- Exercise aim
Out of all the lines below, count those with the word "whole". Give the number only.

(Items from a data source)
########################################

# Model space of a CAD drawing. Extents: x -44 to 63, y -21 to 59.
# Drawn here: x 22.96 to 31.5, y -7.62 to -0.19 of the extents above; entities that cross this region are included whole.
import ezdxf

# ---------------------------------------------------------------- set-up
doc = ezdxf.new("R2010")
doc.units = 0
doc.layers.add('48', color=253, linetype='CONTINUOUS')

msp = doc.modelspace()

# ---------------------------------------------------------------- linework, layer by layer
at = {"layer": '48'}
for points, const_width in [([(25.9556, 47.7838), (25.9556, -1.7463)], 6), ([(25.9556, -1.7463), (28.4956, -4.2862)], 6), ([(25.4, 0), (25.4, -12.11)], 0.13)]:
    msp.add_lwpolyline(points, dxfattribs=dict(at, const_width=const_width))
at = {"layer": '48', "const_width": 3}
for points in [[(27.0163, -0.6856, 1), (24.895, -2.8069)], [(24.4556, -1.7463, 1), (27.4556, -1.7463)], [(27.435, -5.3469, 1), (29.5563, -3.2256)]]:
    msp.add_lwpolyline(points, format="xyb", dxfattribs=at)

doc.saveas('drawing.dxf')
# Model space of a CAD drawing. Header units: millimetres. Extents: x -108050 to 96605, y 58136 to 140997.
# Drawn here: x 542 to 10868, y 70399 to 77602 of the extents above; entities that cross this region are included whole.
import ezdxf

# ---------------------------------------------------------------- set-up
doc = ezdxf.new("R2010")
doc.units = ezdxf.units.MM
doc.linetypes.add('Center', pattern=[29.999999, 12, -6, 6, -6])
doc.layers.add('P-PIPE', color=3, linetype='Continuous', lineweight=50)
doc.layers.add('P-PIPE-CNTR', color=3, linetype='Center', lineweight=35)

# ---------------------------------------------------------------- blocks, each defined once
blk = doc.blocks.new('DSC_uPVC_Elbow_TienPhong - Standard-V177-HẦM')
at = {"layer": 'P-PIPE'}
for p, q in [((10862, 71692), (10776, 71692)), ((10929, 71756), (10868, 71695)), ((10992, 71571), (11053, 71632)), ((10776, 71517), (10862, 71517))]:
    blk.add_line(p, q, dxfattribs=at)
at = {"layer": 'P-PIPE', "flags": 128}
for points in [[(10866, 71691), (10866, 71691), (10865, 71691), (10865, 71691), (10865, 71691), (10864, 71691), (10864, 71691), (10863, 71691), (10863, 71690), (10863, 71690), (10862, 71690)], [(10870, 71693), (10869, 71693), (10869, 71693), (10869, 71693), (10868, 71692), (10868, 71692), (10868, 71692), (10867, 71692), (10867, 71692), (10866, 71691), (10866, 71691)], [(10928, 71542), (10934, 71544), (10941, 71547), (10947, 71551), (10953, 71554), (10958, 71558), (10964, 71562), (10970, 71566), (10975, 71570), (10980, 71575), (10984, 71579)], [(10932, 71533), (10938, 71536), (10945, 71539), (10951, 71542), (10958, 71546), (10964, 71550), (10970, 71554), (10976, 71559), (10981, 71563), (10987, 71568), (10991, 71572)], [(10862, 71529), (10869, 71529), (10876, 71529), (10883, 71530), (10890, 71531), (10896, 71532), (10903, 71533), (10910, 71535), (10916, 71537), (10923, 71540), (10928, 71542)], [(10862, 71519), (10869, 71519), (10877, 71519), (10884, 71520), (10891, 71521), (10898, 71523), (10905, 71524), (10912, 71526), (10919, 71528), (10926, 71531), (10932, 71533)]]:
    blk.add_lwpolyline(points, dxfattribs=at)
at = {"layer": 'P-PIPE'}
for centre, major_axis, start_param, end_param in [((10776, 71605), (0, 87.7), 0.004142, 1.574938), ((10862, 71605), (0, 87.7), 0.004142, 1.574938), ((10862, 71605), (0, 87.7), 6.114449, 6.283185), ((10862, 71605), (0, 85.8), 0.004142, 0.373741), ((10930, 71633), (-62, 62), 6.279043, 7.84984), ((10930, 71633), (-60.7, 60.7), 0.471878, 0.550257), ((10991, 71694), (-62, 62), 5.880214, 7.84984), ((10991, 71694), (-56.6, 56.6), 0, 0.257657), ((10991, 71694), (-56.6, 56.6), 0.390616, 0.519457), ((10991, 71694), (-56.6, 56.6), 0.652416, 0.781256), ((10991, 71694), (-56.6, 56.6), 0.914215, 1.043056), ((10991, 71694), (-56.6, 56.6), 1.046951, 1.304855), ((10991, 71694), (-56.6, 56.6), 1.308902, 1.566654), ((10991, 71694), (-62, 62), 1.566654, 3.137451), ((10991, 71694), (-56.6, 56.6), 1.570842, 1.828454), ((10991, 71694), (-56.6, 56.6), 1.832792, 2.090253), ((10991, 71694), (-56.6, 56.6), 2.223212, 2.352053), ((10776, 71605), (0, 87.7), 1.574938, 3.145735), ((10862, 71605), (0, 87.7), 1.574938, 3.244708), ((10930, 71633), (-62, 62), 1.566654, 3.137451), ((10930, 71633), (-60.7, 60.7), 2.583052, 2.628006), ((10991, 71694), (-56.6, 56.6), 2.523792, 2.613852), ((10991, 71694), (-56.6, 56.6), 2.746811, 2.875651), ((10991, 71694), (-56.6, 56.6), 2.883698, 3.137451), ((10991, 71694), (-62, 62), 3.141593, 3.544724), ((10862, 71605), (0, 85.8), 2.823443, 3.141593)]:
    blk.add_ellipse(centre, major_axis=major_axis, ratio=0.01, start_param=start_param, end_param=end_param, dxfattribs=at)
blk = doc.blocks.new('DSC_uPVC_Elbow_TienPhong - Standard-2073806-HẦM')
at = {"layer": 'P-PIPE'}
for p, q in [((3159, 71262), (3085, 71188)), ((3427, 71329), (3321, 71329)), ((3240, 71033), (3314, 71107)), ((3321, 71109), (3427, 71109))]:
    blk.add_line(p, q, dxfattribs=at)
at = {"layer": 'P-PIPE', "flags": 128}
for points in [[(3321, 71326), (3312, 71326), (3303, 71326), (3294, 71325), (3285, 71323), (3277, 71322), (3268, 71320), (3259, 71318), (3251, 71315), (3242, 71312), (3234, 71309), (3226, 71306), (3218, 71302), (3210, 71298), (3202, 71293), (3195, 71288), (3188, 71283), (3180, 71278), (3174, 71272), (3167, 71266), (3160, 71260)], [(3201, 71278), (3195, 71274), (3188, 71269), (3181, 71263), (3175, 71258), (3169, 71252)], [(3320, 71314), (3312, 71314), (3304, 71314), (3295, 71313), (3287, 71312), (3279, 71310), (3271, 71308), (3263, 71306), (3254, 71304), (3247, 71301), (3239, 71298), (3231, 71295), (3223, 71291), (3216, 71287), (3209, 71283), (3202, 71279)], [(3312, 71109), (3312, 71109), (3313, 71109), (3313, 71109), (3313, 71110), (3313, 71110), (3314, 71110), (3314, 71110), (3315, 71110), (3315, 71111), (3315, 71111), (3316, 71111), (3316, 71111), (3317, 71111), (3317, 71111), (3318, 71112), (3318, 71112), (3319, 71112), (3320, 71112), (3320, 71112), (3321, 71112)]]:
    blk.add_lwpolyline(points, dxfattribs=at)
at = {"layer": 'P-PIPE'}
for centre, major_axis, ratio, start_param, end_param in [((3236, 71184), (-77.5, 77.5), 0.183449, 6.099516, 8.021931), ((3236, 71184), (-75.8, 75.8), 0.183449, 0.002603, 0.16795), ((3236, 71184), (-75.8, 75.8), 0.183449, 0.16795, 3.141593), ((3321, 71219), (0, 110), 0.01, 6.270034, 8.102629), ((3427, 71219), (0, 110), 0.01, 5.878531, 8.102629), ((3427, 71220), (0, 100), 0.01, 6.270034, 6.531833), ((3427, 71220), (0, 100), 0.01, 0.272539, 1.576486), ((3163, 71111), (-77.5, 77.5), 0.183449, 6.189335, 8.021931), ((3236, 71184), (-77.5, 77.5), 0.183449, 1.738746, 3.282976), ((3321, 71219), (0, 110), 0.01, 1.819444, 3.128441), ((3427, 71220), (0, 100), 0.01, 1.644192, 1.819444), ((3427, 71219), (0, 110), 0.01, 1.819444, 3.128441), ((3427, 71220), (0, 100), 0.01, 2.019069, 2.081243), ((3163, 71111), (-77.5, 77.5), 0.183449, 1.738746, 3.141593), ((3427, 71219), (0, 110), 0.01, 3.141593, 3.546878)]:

########################################

- Completed task
2